If you do use Sagas for asynchronous processing, I would recommend keeping them as short-lived as possible (end the saga after every step, create a new saga if another step is needed.)

We have separate aggregates for the “Upload” and the actual objects that are being created from the uploaded data.

~Patrick

Lukas_Vasek · September 9, 2015, 12:59pm

Hi Patrick,
At first thank you, this is what I needed to see

I have additional questions:

What is uploadRepository in your case? Is it some infrastructure service or some spring bean which is saving data as blob to DB or is it some part of axon framework?

We have separate aggregates for the “Upload” and the actual objects that are being created from the uploaded data.

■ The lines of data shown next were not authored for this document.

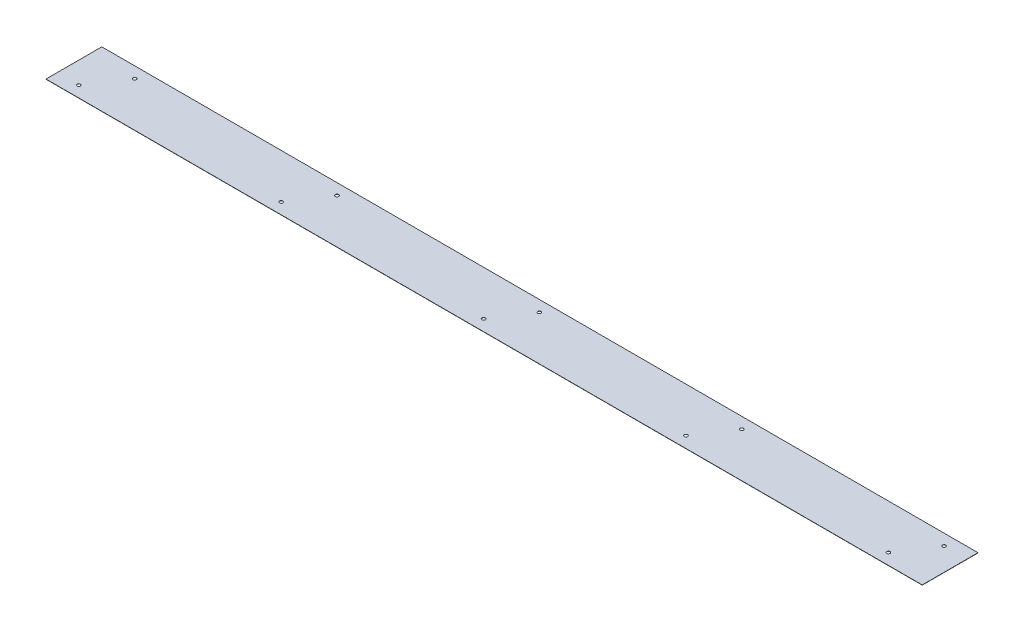
ISO-10303-21;
HEADER;
FILE_DESCRIPTION(('STEP AP214'),'2;1');
FILE_NAME('part.step','',(''),(''),'','','');
FILE_SCHEMA(('AUTOMOTIVE_DESIGN { 1 0 10303 214 1 1 1 1 }'));
ENDSEC;
DATA;
#1=APPLICATION_CONTEXT('core data for automotive mechanical design processes');
#2=APPLICATION_PROTOCOL_DEFINITION('international standard','automotive_design',2000,#1);
#3=PRODUCT_CONTEXT('',#1,'mechanical');
#4=PRODUCT('Part','Part','',(#3));
#5=PRODUCT_RELATED_PRODUCT_CATEGORY('part','',(#4));
#6=PRODUCT_DEFINITION_FORMATION('','',#4);
#7=PRODUCT_DEFINITION_CONTEXT('part definition',#1,'design');
#8=PRODUCT_DEFINITION('design','',#6,#7);
#9=PRODUCT_DEFINITION_SHAPE('','',#8);
#10=(LENGTH_UNIT() NAMED_UNIT(*) SI_UNIT(.MILLI.,.METRE.));
#11=(NAMED_UNIT(*) PLANE_ANGLE_UNIT() SI_UNIT($,.RADIAN.));
#12=(NAMED_UNIT(*) SI_UNIT($,.STERADIAN.) SOLID_ANGLE_UNIT());
#13=UNCERTAINTY_MEASURE_WITH_UNIT(LENGTH_MEASURE(1.E-05),#10,'distance_accuracy_value','');
#14=(GEOMETRIC_REPRESENTATION_CONTEXT(3) GLOBAL_UNCERTAINTY_ASSIGNED_CONTEXT((#13)) GLOBAL_UNIT_ASSIGNED_CONTEXT((#10,
#11,#12)) REPRESENTATION_CONTEXT('',''));
#15=CARTESIAN_POINT('',(0.,0.,0.));
#16=DIRECTION('',(0.,0.,1.));
#17=DIRECTION('',(1.,0.,0.));
#18=AXIS2_PLACEMENT_3D('',#15,#16,#17);
#19=CARTESIAN_POINT('',(0.,0.2,0.));
#20=DIRECTION('',(0.,-1.,0.));
#21=DIRECTION('',(0.,0.,-1.));
#22=AXIS2_PLACEMENT_3D('',#19,#20,#21);
#23=PLANE('',#22);
#24=CARTESIAN_POINT('',(745.037732803921,0.2,-10.));
#25=DIRECTION('',(0.,1.,0.));
#26=DIRECTION('',(0.,0.,1.));
#27=AXIS2_PLACEMENT_3D('',#24,#25,#26);
#28=CIRCLE('',#27,1.49999999999997);
#29=CARTESIAN_POINT('',(745.037732803921,0.2,-8.50000000000003));
#30=VERTEX_POINT('',#29);
#31=EDGE_CURVE('E141',#30,#30,#28,.T.);
#32=ORIENTED_EDGE('',*,*,#31,.F.);
#33=EDGE_LOOP('',(#32));
#34=FACE_BOUND('',#33,.T.);
#35=CARTESIAN_POINT('',(563.637732803921,0.2,-10.));
#36=DIRECTION('',(0.,1.,0.));
#37=DIRECTION('',(0.,0.,1.));
#38=AXIS2_PLACEMENT_3D('',#35,#36,#37);
#39=CIRCLE('',#38,1.49999999999997);
#40=CARTESIAN_POINT('',(563.637732803921,0.2,-8.50000000000003));
#41=VERTEX_POINT('',#40);
#42=EDGE_CURVE('E135',#41,#41,#39,.T.);
#43=ORIENTED_EDGE('',*,*,#42,.F.);
#44=EDGE_LOOP('',(#43));
#45=FACE_BOUND('',#44,.T.);
#46=CARTESIAN_POINT('',(382.237732803921,0.2,-10.));
#47=DIRECTION('',(0.,1.,0.));
#48=DIRECTION('',(0.,0.,1.));
#49=AXIS2_PLACEMENT_3D('',#46,#47,#48);
#50=CIRCLE('',#49,1.50000000000002);
#51=CARTESIAN_POINT('',(382.237732803921,0.2,-8.49999999999998));
#52=VERTEX_POINT('',#51);
#53=EDGE_CURVE('E127',#52,#52,#50,.T.);
#54=ORIENTED_EDGE('',*,*,#53,.F.);
#55=EDGE_LOOP('',(#54));
#56=FACE_BOUND('',#55,.T.);
#57=CARTESIAN_POINT('',(200.837732803921,0.2,-10.));
#58=DIRECTION('',(0.,1.,0.));
#59=DIRECTION('',(0.,0.,1.));
#60=AXIS2_PLACEMENT_3D('',#57,#58,#59);
#61=CIRCLE('',#60,1.5);
#62=CARTESIAN_POINT('',(200.837732803921,0.2,-8.5));
#63=VERTEX_POINT('',#62);
#64=EDGE_CURVE('E119',#63,#63,#61,.T.);
#65=ORIENTED_EDGE('',*,*,#64,.F.);
#66=EDGE_LOOP('',(#65));
#67=FACE_BOUND('',#66,.T.);
#68=CARTESIAN_POINT('',(19.437732803921,0.2,-10.));
#69=DIRECTION('',(0.,1.,0.));
#70=DIRECTION('',(0.,0.,1.));
#71=AXIS2_PLACEMENT_3D('',#68,#69,#70);
#72=CIRCLE('',#71,1.5);
#73=CARTESIAN_POINT('',(19.437732803921,0.2,-8.5));
#74=VERTEX_POINT('',#73);
#75=EDGE_CURVE('E111',#74,#74,#72,.T.);
#76=ORIENTED_EDGE('',*,*,#75,.F.);
#77=EDGE_LOOP('',(#76));
#78=FACE_BOUND('',#77,.T.);
#79=DIRECTION('',(0.,0.,1.));
#80=VECTOR('',#79,1.);
#81=CARTESIAN_POINT('',(0.,0.2,0.));
#82=LINE('',#81,#80);
#83=CARTESIAN_POINT('',(0.,0.2,-50.));
#84=VERTEX_POINT('',#83);
#85=CARTESIAN_POINT('',(0.,0.2,0.));
#86=VERTEX_POINT('',#85);
#87=EDGE_CURVE('E87',#84,#86,#82,.T.);
#88=ORIENTED_EDGE('',*,*,#87,.T.);
#89=DIRECTION('',(1.,0.,0.));
#90=VECTOR('',#89,1.);
#91=CARTESIAN_POINT('',(0.,0.2,0.));
#92=LINE('',#91,#90);
#93=CARTESIAN_POINT('',(785.4,0.2,0.));
#94=VERTEX_POINT('',#93);
#95=EDGE_CURVE('E82',#86,#94,#92,.T.);
#96=ORIENTED_EDGE('',*,*,#95,.T.);
#97=DIRECTION('',(0.,0.,-1.));
#98=VECTOR('',#97,1.);
#99=CARTESIAN_POINT('',(785.4,0.2,0.));
#100=LINE('',#99,#98);
#101=CARTESIAN_POINT('',(785.4,0.2,-50.));
#102=VERTEX_POINT('',#101);
#103=EDGE_CURVE('E85',#94,#102,#100,.T.);
#104=ORIENTED_EDGE('',*,*,#103,.T.);
#105=DIRECTION('',(-1.,0.,0.));
#106=VECTOR('',#105,1.);
#107=CARTESIAN_POINT('',(0.,0.2,-50.));
#108=LINE('',#107,#106);
#109=EDGE_CURVE('E52',#102,#84,#108,.T.);
#110=ORIENTED_EDGE('',*,*,#109,.T.);
#111=EDGE_LOOP('',(#88,#96,#104,#110));
#112=FACE_BOUND('',#111,.T.);
#113=CARTESIAN_POINT('',(39.437732803921,0.2,-40.));
#114=DIRECTION('',(0.,1.,0.));
#115=DIRECTION('',(0.,0.,1.));
#116=AXIS2_PLACEMENT_3D('',#113,#114,#115);
#117=CIRCLE('',#116,1.5);
#118=CARTESIAN_POINT('',(39.437732803921,0.2,-38.5));
#119=VERTEX_POINT('',#118);
#120=EDGE_CURVE('E115',#119,#119,#117,.T.);
#121=ORIENTED_EDGE('',*,*,#120,.F.);
#122=EDGE_LOOP('',(#121));
#123=FACE_BOUND('',#122,.T.);
#124=CARTESIAN_POINT('',(220.837732803921,0.2,-40.));
#125=DIRECTION('',(0.,1.,0.));
#126=DIRECTION('',(0.,0.,1.));
#127=AXIS2_PLACEMENT_3D('',#124,#125,#126);
#128=CIRCLE('',#127,1.5);
#129=CARTESIAN_POINT('',(220.837732803921,0.2,-38.5));
#130=VERTEX_POINT('',#129);
#131=EDGE_CURVE('E123',#130,#130,#128,.T.);
#132=ORIENTED_EDGE('',*,*,#131,.F.);
#133=EDGE_LOOP('',(#132));
#134=FACE_BOUND('',#133,.T.);
#135=CARTESIAN_POINT('',(402.237732803921,0.2,-40.));
#136=DIRECTION('',(0.,1.,0.));
#137=DIRECTION('',(0.,0.,1.));
#138=AXIS2_PLACEMENT_3D('',#135,#136,#137);
#139=CIRCLE('',#138,1.49999999999997);
#140=CARTESIAN_POINT('',(402.237732803921,0.2,-38.5000000000001));
#141=VERTEX_POINT('',#140);
#142=EDGE_CURVE('E131',#141,#141,#139,.T.);
#143=ORIENTED_EDGE('',*,*,#142,.F.);
#144=EDGE_LOOP('',(#143));
#145=FACE_BOUND('',#144,.T.);
#146=CARTESIAN_POINT('',(583.637732803921,0.2,-40.));
#147=DIRECTION('',(0.,1.,0.));
#148=DIRECTION('',(0.,0.,1.));
#149=AXIS2_PLACEMENT_3D('',#146,#147,#148);
#150=CIRCLE('',#149,1.50000000000008);
#151=CARTESIAN_POINT('',(583.637732803921,0.2,-38.5));
#152=VERTEX_POINT('',#151);
#153=EDGE_CURVE('E138',#152,#152,#150,.T.);
#154=ORIENTED_EDGE('',*,*,#153,.F.);
#155=EDGE_LOOP('',(#154));
#156=FACE_BOUND('',#155,.T.);
#157=CARTESIAN_POINT('',(765.037732803921,0.2,-40.));
#158=DIRECTION('',(0.,1.,0.));
#159=DIRECTION('',(0.,0.,1.));
#160=AXIS2_PLACEMENT_3D('',#157,#158,#159);
#161=CIRCLE('',#160,1.50000000000008);
#162=CARTESIAN_POINT('',(765.037732803921,0.2,-38.5));
#163=VERTEX_POINT('',#162);
#164=EDGE_CURVE('E151',#163,#163,#161,.T.);
#165=ORIENTED_EDGE('',*,*,#164,.F.);
#166=EDGE_LOOP('',(#165));
#167=FACE_BOUND('',#166,.T.);
#168=ADVANCED_FACE('F33',(#34,#45,#56,#67,#78,#112,#123,#134,#145,#156,#167),#23,.F.);
#169=CARTESIAN_POINT('',(0.,0.,0.));
#170=DIRECTION('',(0.,-1.,0.));
#171=DIRECTION('',(0.,0.,-1.));
#172=AXIS2_PLACEMENT_3D('',#169,#170,#171);
#173=PLANE('',#172);
#174=CARTESIAN_POINT('',(745.037732803921,0.,-10.));
#175=DIRECTION('',(0.,-1.,0.));
#176=DIRECTION('',(0.,0.,-1.));
#177=AXIS2_PLACEMENT_3D('',#174,#175,#176);
#178=CIRCLE('',#177,1.49999999999997);
#179=CARTESIAN_POINT('',(745.037732803921,0.,-11.5));
#180=VERTEX_POINT('',#179);
#181=EDGE_CURVE('E139',#180,#180,#178,.F.);
#182=ORIENTED_EDGE('',*,*,#181,.T.);
#183=EDGE_LOOP('',(#182));
#184=FACE_BOUND('',#183,.T.);
#185=CARTESIAN_POINT('',(563.637732803921,0.,-10.));
#186=DIRECTION('',(0.,-1.,0.));
#187=DIRECTION('',(0.,0.,-1.));
#188=AXIS2_PLACEMENT_3D('',#185,#186,#187);
#189=CIRCLE('',#188,1.49999999999997);
#190=CARTESIAN_POINT('',(563.637732803921,0.,-11.5));
#191=VERTEX_POINT('',#190);
#192=EDGE_CURVE('E132',#191,#191,#189,.F.);
#193=ORIENTED_EDGE('',*,*,#192,.T.);
#194=EDGE_LOOP('',(#193));
#195=FACE_BOUND('',#194,.T.);
#196=CARTESIAN_POINT('',(382.237732803921,0.,-10.));
#197=DIRECTION('',(0.,-1.,0.));
#198=DIRECTION('',(0.,0.,-1.));
#199=AXIS2_PLACEMENT_3D('',#196,#197,#198);
#200=CIRCLE('',#199,1.50000000000002);
#201=CARTESIAN_POINT('',(382.237732803921,0.,-11.5));
#202=VERTEX_POINT('',#201);
#203=EDGE_CURVE('E124',#202,#202,#200,.F.);
#204=ORIENTED_EDGE('',*,*,#203,.T.);
#205=EDGE_LOOP('',(#204));
#206=FACE_BOUND('',#205,.T.);
#207=CARTESIAN_POINT('',(200.837732803921,0.,-10.));
#208=DIRECTION('',(0.,-1.,0.));
#209=DIRECTION('',(0.,0.,-1.));
#210=AXIS2_PLACEMENT_3D('',#207,#208,#209);
#211=CIRCLE('',#210,1.5);
#212=CARTESIAN_POINT('',(200.837732803921,0.,-11.5));
#213=VERTEX_POINT('',#212);
#214=EDGE_CURVE('E116',#213,#213,#211,.F.);
#215=ORIENTED_EDGE('',*,*,#214,.T.);
#216=EDGE_LOOP('',(#215));
#217=FACE_BOUND('',#216,.T.);
#218=CARTESIAN_POINT('',(19.437732803921,0.,-10.));
#219=DIRECTION('',(0.,-1.,0.));
#220=DIRECTION('',(0.,0.,-1.));
#221=AXIS2_PLACEMENT_3D('',#218,#219,#220);
#222=CIRCLE('',#221,1.5);
#223=CARTESIAN_POINT('',(19.437732803921,0.,-11.5));
#224=VERTEX_POINT('',#223);
#225=EDGE_CURVE('E103',#224,#224,#222,.F.);
#226=ORIENTED_EDGE('',*,*,#225,.T.);
#227=EDGE_LOOP('',(#226));
#228=FACE_BOUND('',#227,.T.);
#229=DIRECTION('',(0.,0.,1.));
#230=VECTOR('',#229,1.);
#231=CARTESIAN_POINT('',(0.,0.,0.));
#232=LINE('',#231,#230);
#233=CARTESIAN_POINT('',(0.,0.,-50.));
#234=VERTEX_POINT('',#233);
#235=CARTESIAN_POINT('',(0.,0.,0.));
#236=VERTEX_POINT('',#235);
#237=EDGE_CURVE('E100',#234,#236,#232,.T.);
#238=ORIENTED_EDGE('',*,*,#237,.F.);
#239=DIRECTION('',(-1.,0.,0.));
#240=VECTOR('',#239,1.);
#241=CARTESIAN_POINT('',(0.,0.,-50.));
#242=LINE('',#241,#240);
#243=CARTESIAN_POINT('',(785.4,0.,-50.));
#244=VERTEX_POINT('',#243);
#245=EDGE_CURVE('E75',#244,#234,#242,.T.);
#246=ORIENTED_EDGE('',*,*,#245,.F.);
#247=DIRECTION('',(0.,0.,-1.));
#248=VECTOR('',#247,1.);
#249=CARTESIAN_POINT('',(785.4,0.,0.));
#250=LINE('',#249,#248);
#251=CARTESIAN_POINT('',(785.4,0.,0.));
#252=VERTEX_POINT('',#251);
#253=EDGE_CURVE('E69',#252,#244,#250,.T.);
#254=ORIENTED_EDGE('',*,*,#253,.F.);
#255=DIRECTION('',(1.,0.,0.));
#256=VECTOR('',#255,1.);
#257=CARTESIAN_POINT('',(0.,0.,0.));
#258=LINE('',#257,#256);
#259=EDGE_CURVE('E91',#236,#252,#258,.T.);
#260=ORIENTED_EDGE('',*,*,#259,.F.);
#261=EDGE_LOOP('',(#238,#246,#254,#260));
#262=FACE_BOUND('',#261,.T.);
#263=CARTESIAN_POINT('',(39.437732803921,0.,-40.));
#264=DIRECTION('',(0.,-1.,0.));
#265=DIRECTION('',(0.,0.,-1.));
#266=AXIS2_PLACEMENT_3D('',#263,#264,#265);
#267=CIRCLE('',#266,1.5);
#268=CARTESIAN_POINT('',(39.437732803921,0.,-41.5));
#269=VERTEX_POINT('',#268);
#270=EDGE_CURVE('E112',#269,#269,#267,.F.);
#271=ORIENTED_EDGE('',*,*,#270,.T.);
#272=EDGE_LOOP('',(#271));
#273=FACE_BOUND('',#272,.T.);
#274=CARTESIAN_POINT('',(220.837732803921,0.,-40.));
#275=DIRECTION('',(0.,-1.,0.));
#276=DIRECTION('',(0.,0.,-1.));
#277=AXIS2_PLACEMENT_3D('',#274,#275,#276);
#278=CIRCLE('',#277,1.5);
#279=CARTESIAN_POINT('',(220.837732803921,0.,-41.5));
#280=VERTEX_POINT('',#279);
#281=EDGE_CURVE('E120',#280,#280,#278,.F.);
#282=ORIENTED_EDGE('',*,*,#281,.T.);
#283=EDGE_LOOP('',(#282));
#284=FACE_BOUND('',#283,.T.);
#285=CARTESIAN_POINT('',(402.237732803921,0.,-40.));
#286=DIRECTION('',(0.,-1.,0.));
#287=DIRECTION('',(0.,0.,-1.));
#288=AXIS2_PLACEMENT_3D('',#285,#286,#287);
#289=CIRCLE('',#288,1.49999999999997);
#290=CARTESIAN_POINT('',(402.237732803921,0.,-41.5));
#291=VERTEX_POINT('',#290);
#292=EDGE_CURVE('E128',#291,#291,#289,.F.);
#293=ORIENTED_EDGE('',*,*,#292,.T.);
#294=EDGE_LOOP('',(#293));
#295=FACE_BOUND('',#294,.T.);
#296=CARTESIAN_POINT('',(583.637732803921,0.,-40.));
#297=DIRECTION('',(0.,-1.,0.));
#298=DIRECTION('',(0.,0.,-1.));
#299=AXIS2_PLACEMENT_3D('',#296,#297,#298);
#300=CIRCLE('',#299,1.50000000000008);
#301=CARTESIAN_POINT('',(583.637732803921,0.,-41.5000000000001));
#302=VERTEX_POINT('',#301);
#303=EDGE_CURVE('E136',#302,#302,#300,.F.);
#304=ORIENTED_EDGE('',*,*,#303,.T.);
#305=EDGE_LOOP('',(#304));
#306=FACE_BOUND('',#305,.T.);
#307=CARTESIAN_POINT('',(765.037732803921,0.,-40.));
#308=DIRECTION('',(0.,-1.,0.));
#309=DIRECTION('',(0.,0.,-1.));
#310=AXIS2_PLACEMENT_3D('',#307,#308,#309);
#311=CIRCLE('',#310,1.50000000000008);
#312=CARTESIAN_POINT('',(765.037732803921,0.,-41.5000000000001));
#313=VERTEX_POINT('',#312);
#314=EDGE_CURVE('E37',#313,#313,#311,.F.);
#315=ORIENTED_EDGE('',*,*,#314,.T.);
#316=EDGE_LOOP('',(#315));
#317=FACE_BOUND('',#316,.T.);
#318=ADVANCED_FACE('F172',(#184,#195,#206,#217,#228,#262,#273,#284,#295,#306,#317),#173,.T.);
#319=CARTESIAN_POINT('',(0.,0.2,0.));
#320=DIRECTION('',(1.,0.,0.));
#321=DIRECTION('',(0.,0.,-1.));
#322=AXIS2_PLACEMENT_3D('',#319,#320,#321);
#323=PLANE('',#322);
#324=ORIENTED_EDGE('',*,*,#237,.T.);
#325=DIRECTION('',(0.,-1.,0.));
#326=VECTOR('',#325,1.);
#327=CARTESIAN_POINT('',(0.,0.2,0.));
#328=LINE('',#327,#326);
#329=EDGE_CURVE('E11',#86,#236,#328,.T.);
#330=ORIENTED_EDGE('',*,*,#329,.F.);
#331=ORIENTED_EDGE('',*,*,#87,.F.);
#332=DIRECTION('',(0.,-1.,0.));
#333=VECTOR('',#332,1.);
#334=CARTESIAN_POINT('',(0.,0.2,-50.));
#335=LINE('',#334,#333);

If you do use Sagas for asynchronous processing, I would recommend keeping them as short-lived as possible (end the saga after every step, create a new saga if another step is needed.)

Is it possible to share some part of code somewhere on github for this? For me this is one of most interesting parts of “how to do in cqrs” (and also axon) and it would be nice to have some reference to that.

Thanks

Patrick_Haas · September 11, 2015, 5:23am

Our upload repository is a spring singleton and simply executes jdbc queries.

Sorry, I’m not working on an open source project, so I can’t publish any source code.